>>>>>

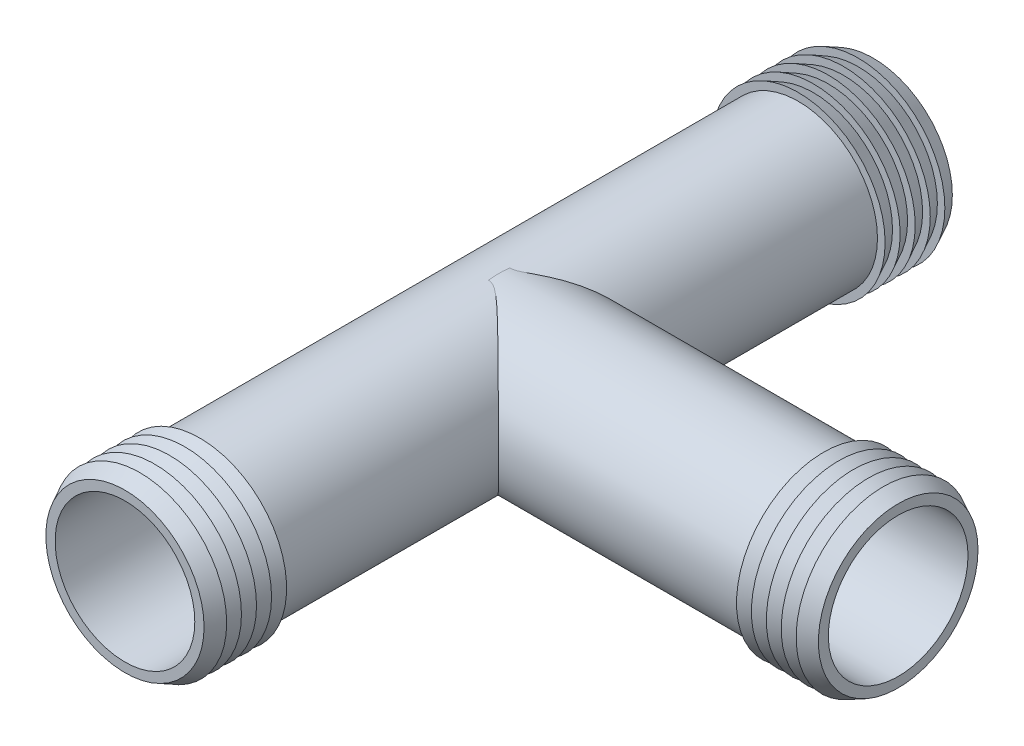
SolidWorks part; units mm, degrees
ref_plane "Front Plane" through (0, 0, 0) normal (0, 0, 1) x (1, 0, 0)
ref_plane "Top Plane" through (0, 0, 0) normal (0, 1, 0) x (1, 0, 0)
ref_plane "Right Plane" through (0, 0, 0) normal (1, 0, 0) x (0, 0, -1)
sketch "Sketch1" plane through (0, 0, 0) normal (0, 0, 1) x (1, 0, 0)
  circle A0 centre (0, 0) radius 15.8585
  circle A1 centre (0, 0) radius 14
  dimension "D1" = 28
extrude "Boss-Extrude1" add sketch "Sketch1" along normal blind 75 and the other way blind 75
sketch "Sketch2" plane through (0, 0, 0) normal (1, 0, 0) x (0, 0, -1)
  line L0 (75, 15.8585) -> (72, 15.8585)
  line L1 (75, 15.8585) -> (-75, 15.8585) construction
  line L2 (72, 15.8585) -> (72, 17.3585)
  line L3 (72, 17.3585) -> (75, 15.8585)
  line L4 (0, 0) -> (93.533, 0) construction
  dimension "D1" = 3
  dimension "D2" = 1.5
revolve "Revolve1" add sketch "Sketch2" angle 360 about L4
sketch "Sketch3" plane through (0, 0, 0) normal (1, 0, 0) x (0, 0, -1)
  line L0 (72, 15.8585) -> (69.0405, 15.8585)
  line L2 (69.0405, 15.8585) -> (69.0405, 17.3932)
  line L3 (69.0405, 17.3932) -> (72, 15.8585)
  line L4 (0, 0) -> (85.1914, 0) construction
revolve "Revolve2" add sketch "Sketch3" angle 360 about L4
sketch "Sketch4" plane through (0, 0, 0) normal (1, 0, 0) x (0, 0, -1)
  line L0 (69.0405, 15.8585) -> (66.0233, 15.8585)
  line L1 (66.0233, 15.8585) -> (66.0233, 17.3932)
  line L2 (66.0233, 17.3932) -> (69.0405, 15.8585)
  line L3 (0, 0) -> (85.9013, 0) construction
revolve "Revolve3" add sketch "Sketch4" angle 360 about L3
sketch "Sketch5" plane through (0, 0, 0) normal (1, 0, 0) x (0, 0, -1)
  line L0 (66.0233, 15.8585) -> (63.0061, 15.8585)
  line L1 (63.0061, 15.8585) -> (63.0061, 17.3932)
  line L2 (63.0061, 17.3932) -> (66.0233, 15.8585)
  line L3 (0, 0) -> (81.8192, 0) construction
revolve "Revolve4" add sketch "Sketch5" angle 360 about L3
sketch "Sketch6" plane through (0, 0, 0) normal (1, 0, 0) x (0, 0, -1)
  line L0 (63.0061, 15.8585) -> (59.9889, 15.8585)
  line L1 (59.9889, 15.8585) -> (59.9889, 17.3932)
  line L2 (59.9889, 17.3932) -> (63.0061, 15.8585)
  line L3 (0, 0) -> (80.5768, 0) construction
revolve "Revolve5" add sketch "Sketch6" angle 360 about L3
sketch "Sketch7" plane through (0, 0, 0) normal (1, 0, 0) x (0, 0, -1)
  line L0 (-75, 15.8585) -> (-72, 15.8585)
  line L1 (59.9889, 15.8585) -> (-75, 15.8585) construction
  line L2 (-72, 15.8585) -> (-72, 17.3932)
  line L3 (-72, 17.3932) -> (-75, 15.8585)
  line L4 (0, 0) -> (88.5635, 0) construction
  dimension "D1" = 3
revolve "Revolve6" add sketch "Sketch7" angle 360 about L4
sketch "Sketch8" plane through (0, 0, 0) normal (1, 0, 0) x (0, 0, -1)
  line L0 (-72, 15.8585) -> (-69.0405, 15.8585)
  line L1 (-69.0405, 15.8585) -> (-69.0405, 17.3932)
  line L2 (-69.0405, 17.3932) -> (-72, 15.8585)
  line L3 (0, 0) -> (82.3517, 0) construction
revolve "Revolve7" add sketch "Sketch8" angle 360 about L3
sketch "Sketch9" plane through (0, 0, 0) normal (1, 0, 0) x (0, 0, -1)
  line L0 (-69.0405, 15.8585) -> (-66.0233, 15.8585)
  line L1 (59.9889, 15.8585) -> (-69.0405, 15.8585) construction
  line L2 (-66.0233, 15.8585) -> (-66.0233, 17.3932)
  line L3 (-66.0233, 17.3932) -> (-69.0405, 15.8585)
  line L4 (0, 0) -> (61.0538, 0) construction
revolve "Revolve8" add sketch "Sketch9" angle 360 about L4
sketch "Sketch10" plane through (0, 0, 0) normal (1, 0, 0) x (0, 0, -1)
  line L0 (-66.0233, 15.8585) -> (-63.0061, 15.8585)
  line L1 (59.9889, 15.8585) -> (-66.0233, 15.8585) construction
  line L2 (-63.0061, 15.8585) -> (-63.0061, 17.3932)
  line L3 (-63.0061, 17.3932) -> (-66.0233, 15.8585)
  line L4 (0, 0) -> (28.2196, 0) construction
revolve "Revolve9" add sketch "Sketch10" angle 360 about L4
sketch "Sketch11" plane through (0, 0, 0) normal (1, 0, 0) x (0, 0, -1)
  line L0 (-63.0061, 15.8585) -> (-59.9889, 15.8585)
  line L1 (59.9889, 15.8585) -> (-63.0061, 15.8585) construction
  line L2 (-59.9889, 15.8585) -> (-59.9889, 17.3932)
  line L3 (-59.9889, 17.3932) -> (-63.0061, 15.8585)
  line L4 (0, 0) -> (-13.3112, 0) construction
revolve "Revolve10" add sketch "Sketch11" angle 360 about L4
sketch "Sketch12" plane through (0, 0, 0) normal (1, 0, 0) x (0, 0, -1)
  circle A0 centre (0, 0) radius 14
  circle A1 centre (0, 0) radius 16
  dimension "D1" = 28
  dimension "D2" = 32
extrude "Boss-Extrude2" add sketch "Sketch12" along normal blind 80
sketch "Sketch13" plane through (0, 0, 0) normal (1, 0, 0) x (0, 0, -1)
  circle A0 centre (0, 0) radius 14
extrude "Cut-Extrude1" cut sketch "Sketch13" along normal blind 81
sketch "Sketch15" plane through (0, 0, 0) normal (0, 0, 1) x (1, 0, 0)
  circle A0 centre (0, 0) radius 14
extrude "Cut-Extrude2" cut sketch "Sketch15" against normal blind 95 and the other way blind 90
sketch "Sketch16" plane through (0, 0, 0) normal (0, 0, 1) x (1, 0, 0)
  line L0 (80, 16) -> (77.0134, 16)
  line L1 (80, 16) -> (0, 16) construction
  line L2 (77.0134, 16) -> (77.0134, 17.472)
  line L3 (77.0134, 17.472) -> (80, 16)
  line L4 (0, 0) -> (-22.9909, 0) construction
revolve "Revolve11" add sketch "Sketch16" angle 360 about L4
sketch "Sketch17" plane through (0, 0, 0) normal (0, 0, 1) x (1, 0, 0)
  line L0 (77.0134, 16) -> (74.0247, 16)
  line L1 (74.0247, 16) -> (74.0247, 17.472)
  line L2 (74.0247, 17.472) -> (77.0134, 16)
  line L3 (0, 0) -> (-19.3126, 0) construction
revolve "Revolve12" add sketch "Sketch17" angle 360 about L3
sketch "Sketch18" plane through (0, 0, 0) normal (0, 0, 1) x (1, 0, 0)
  line L0 (74.0247, 16) -> (71.0361, 16)
  line L1 (74.0247, 16) -> (0, 16) construction
  line L2 (71.0361, 16) -> (71.0361, 17.472)
  line L3 (71.0361, 17.472) -> (74.0247, 16)
  line L4 (0, 0) -> (-20.577, 0) construction
revolve "Revolve13" add sketch "Sketch18" angle 360 about L4
sketch "Sketch19" plane through (0, 0, 0) normal (0, 0, 1) x (1, 0, 0)
  line L0 (71.0361, 16) -> (68.0475, 16)
  line L2 (68.0475, 16) -> (68.0475, 17.472)
  line L3 (68.0475, 17.472) -> (71.0361, 16)
  line L4 (0, 0) -> (-19.6574, 0) construction
revolve "Revolve14" add sketch "Sketch19" angle 360 about L4
sketch "Sketch20" plane through (0, 0, 0) normal (0, 0, 1) x (1, 0, 0)
  line L0 (68.0475, 16) -> (65.0588, 16)
  line L1 (65.0588, 16) -> (65.0588, 17.472)
  line L2 (65.0588, 17.472) -> (68.0475, 16)
  line L3 (0, 0) -> (-24.3703, 0) construction
revolve "Revolve15" add sketch "Sketch20" angle 360 about L3

<<<<<

What is being asked
Given the records above, return exactly the lines starting at the line containing "line L3 (0, 0) -> (82.3517, 0) construction" and ending at the line containing "line L4 (0, 0) -> (-22.9909, 0)", including both.

Finished task
  line L3 (0, 0) -> (82.3517, 0) construction
revolve "Revolve7" add sketch "Sketch8" angle 360 about L3
sketch "Sketch9" plane through (0, 0, 0) normal (1, 0, 0) x (0, 0, -1)
  line L0 (-69.0405, 15.8585) -> (-66.0233, 15.8585)
  line L1 (59.9889, 15.8585) -> (-69.0405, 15.8585) construction
  line L2 (-66.0233, 15.8585) -> (-66.0233, 17.3932)
  line L3 (-66.0233, 17.3932) -> (-69.0405, 15.8585)
  line L4 (0, 0) -> (61.0538, 0) construction
revolve "Revolve8" add sketch "Sketch9" angle 360 about L4
sketch "Sketch10" plane through (0, 0, 0) normal (1, 0, 0) x (0, 0, -1)
  line L0 (-66.0233, 15.8585) -> (-63.0061, 15.8585)
  line L1 (59.9889, 15.8585) -> (-66.0233, 15.8585) construction
  line L2 (-63.0061, 15.8585) -> (-63.0061, 17.3932)
  line L3 (-63.0061, 17.3932) -> (-66.0233, 15.8585)
  line L4 (0, 0) -> (28.2196, 0) construction
revolve "Revolve9" add sketch "Sketch10" angle 360 about L4
sketch "Sketch11" plane through (0, 0, 0) normal (1, 0, 0) x (0, 0, -1)
  line L0 (-63.0061, 15.8585) -> (-59.9889, 15.8585)
  line L1 (59.9889, 15.8585) -> (-63.0061, 15.8585) construction
  line L2 (-59.9889, 15.8585) -> (-59.9889, 17.3932)
  line L3 (-59.9889, 17.3932) -> (-63.0061, 15.8585)
  line L4 (0, 0) -> (-13.3112, 0) construction
revolve "Revolve10" add sketch "Sketch11" angle 360 about L4
sketch "Sketch12" plane through (0, 0, 0) normal (1, 0, 0) x (0, 0, -1)
  circle A0 centre (0, 0) radius 14
  circle A1 centre (0, 0) radius 16
  dimension "D1" = 28
  dimension "D2" = 32
extrude "Boss-Extrude2" add sketch "Sketch12" along normal blind 80
sketch "Sketch13" plane through (0, 0, 0) normal (1, 0, 0) x (0, 0, -1)
  circle A0 centre (0, 0) radius 14
extrude "Cut-Extrude1" cut sketch "Sketch13" along normal blind 81
sketch "Sketch15" plane through (0, 0, 0) normal (0, 0, 1) x (1, 0, 0)
  circle A0 centre (0, 0) radius 14
extrude "Cut-Extrude2" cut sketch "Sketch15" against normal blind 95 and the other way blind 90
sketch "Sketch16" plane through (0, 0, 0) normal (0, 0, 1) x (1, 0, 0)
  line L0 (80, 16) -> (77.0134, 16)
  line L1 (80, 16) -> (0, 16) construction
  line L2 (77.0134, 16) -> (77.0134, 17.472)
  line L3 (77.0134, 17.472) -> (80, 16)
  line L4 (0, 0) -> (-22.9909, 0) construction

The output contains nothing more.